Hi, I wonder if there could be cases where bespoke-executor is kind of stuck and then ramp up the memory? I have a couple of jobs where I'm at the QC data generation stage. It seems that I have generate all the fragments from the CPU usage and there is no psi4 running. However, the openff-bespoke executor run using 8 cores and 242.6GB of RAM. The RAM usage keeps going up until it hits the RAM limit, then it begin to read heavily from the file system. This problem is not reproducible but happen quite often that it is quite annoying. Thank you. The command that I'm using is
JH – Maybe try with xTB to see if that isolates it to psi4?
JW – We’re updating to QCF 0.50 soon in case that helps
MACE paper
DC – Released MACE paper, our contribution to NN parameters.
JH – I have a PR to get this into QCengine. Currently has an academic license though. AIMNET is also looking good.
DC – Right, industry folks would need to contact that group to get access.
ZW – One problem we had with ANI was that it had trouble converging in geometry optimization. is this a problem with MACE?
JH – Not a problem with MACE and AIMNET2?
ZW – How do you call MACE? We have a custom in-house one that we could plug into bespokefit. What’s your interface?
JH – We have an interface in QCEngine. You can provide a path to a model file.
JH – Re: idea for a bespokefit successor that includes confs from high-temp MD. Started with CC’s torsiondrives. Looked at transferring SMIRKS patterns from fragments to other fragments.
CC – Did you check that these SMIRKS also cover terminal amino acids in a longer peptide?
JH – Not yet, I’m concerned about that case.
CC – That’d be a good test to run.
JW – I’d love to see a writeup of the details of this SMIRKS scheme so I can provide better feedback.
DC – Idea is that, if this works, and there’s a good ML energy function, this might remove the need for expensive fragmentation and QM.
ZW – Have you had time to investigate why fragmentation worked well in the paper, but not now? The published parameters were different from what I got when I tried the refit.
JH – I think there’s a regression somewhere, so I still need to dig into that.
DC – I think, once you get this workflow going, this should be similar to what SB and LW did earlier.

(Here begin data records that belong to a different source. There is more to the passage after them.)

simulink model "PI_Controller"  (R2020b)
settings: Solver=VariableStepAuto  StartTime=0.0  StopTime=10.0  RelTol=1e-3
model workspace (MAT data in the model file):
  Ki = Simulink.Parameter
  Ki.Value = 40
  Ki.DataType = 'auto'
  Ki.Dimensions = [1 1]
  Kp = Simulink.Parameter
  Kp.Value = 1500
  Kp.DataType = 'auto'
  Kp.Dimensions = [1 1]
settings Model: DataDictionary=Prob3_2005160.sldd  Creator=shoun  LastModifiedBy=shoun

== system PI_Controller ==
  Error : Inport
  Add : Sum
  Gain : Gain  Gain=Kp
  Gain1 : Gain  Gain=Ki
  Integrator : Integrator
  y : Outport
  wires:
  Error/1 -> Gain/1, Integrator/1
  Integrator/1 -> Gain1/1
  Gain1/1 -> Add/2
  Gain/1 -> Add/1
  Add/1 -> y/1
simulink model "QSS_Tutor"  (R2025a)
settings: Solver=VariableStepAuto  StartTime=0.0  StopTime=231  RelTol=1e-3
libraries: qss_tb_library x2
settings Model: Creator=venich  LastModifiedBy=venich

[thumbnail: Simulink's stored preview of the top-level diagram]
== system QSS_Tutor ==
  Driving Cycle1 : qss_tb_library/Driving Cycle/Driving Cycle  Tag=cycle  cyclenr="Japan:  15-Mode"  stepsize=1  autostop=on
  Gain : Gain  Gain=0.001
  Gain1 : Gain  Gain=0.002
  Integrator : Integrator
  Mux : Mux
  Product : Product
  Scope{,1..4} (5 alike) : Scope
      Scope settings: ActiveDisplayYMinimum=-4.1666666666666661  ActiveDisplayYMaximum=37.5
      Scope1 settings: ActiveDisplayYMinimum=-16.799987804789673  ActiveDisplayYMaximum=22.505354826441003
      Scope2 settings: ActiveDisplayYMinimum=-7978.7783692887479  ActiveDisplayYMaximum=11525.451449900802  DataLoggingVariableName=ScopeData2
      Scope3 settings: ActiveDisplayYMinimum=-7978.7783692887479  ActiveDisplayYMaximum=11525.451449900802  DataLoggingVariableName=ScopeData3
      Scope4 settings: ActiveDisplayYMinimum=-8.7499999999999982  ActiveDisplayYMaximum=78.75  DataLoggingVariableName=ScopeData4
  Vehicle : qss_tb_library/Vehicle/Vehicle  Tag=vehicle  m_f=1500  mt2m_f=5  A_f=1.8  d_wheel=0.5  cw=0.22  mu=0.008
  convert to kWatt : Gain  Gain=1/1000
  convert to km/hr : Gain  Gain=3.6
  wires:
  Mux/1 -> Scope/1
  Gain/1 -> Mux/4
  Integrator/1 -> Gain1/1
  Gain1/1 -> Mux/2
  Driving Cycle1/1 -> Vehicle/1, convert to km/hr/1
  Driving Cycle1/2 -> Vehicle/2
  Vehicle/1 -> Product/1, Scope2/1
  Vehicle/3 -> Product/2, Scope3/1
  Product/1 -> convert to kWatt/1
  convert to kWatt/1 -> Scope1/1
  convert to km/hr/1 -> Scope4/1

PB – Torsion benchmarks - Was comparing single points between AIMNET2, MACE, and xTB. Was comparing to reference geometries from CCSD. Seem to be wonky and errors are pretty high. (See plots from recording)
DC – I’d argue that benchmarks should be done with optimizations done using the same level of theory as the single points. But there I’d expect errors around 1kcal/mol, not the 10 that you’re seeing.
JW – Is this a random set of molecules, or are these the biggest outliers?
PB – This is a standard dihedral benchmark set.
JH – Did MACE look similar?
PB – Yes
DC – Where did you get this implementation?
PB – (ASE(ASC?), something about Kovacs lab)
…
PB – CCSD single points at the opt geos of MP2.
DC – So you’re basically doing the MACE calcs at the MP2 opts?
…
JH – Is this dataset on QCA?
PB – Yes, will send info
SB – Have you tried minimizing with MACE? Does it go to a different conformer?
JH – Are they charged? MACE doesn’t handle charge
PB – Some are charged.
JH – But AIMNET2 should handle charge, so that doesn’t explain everything.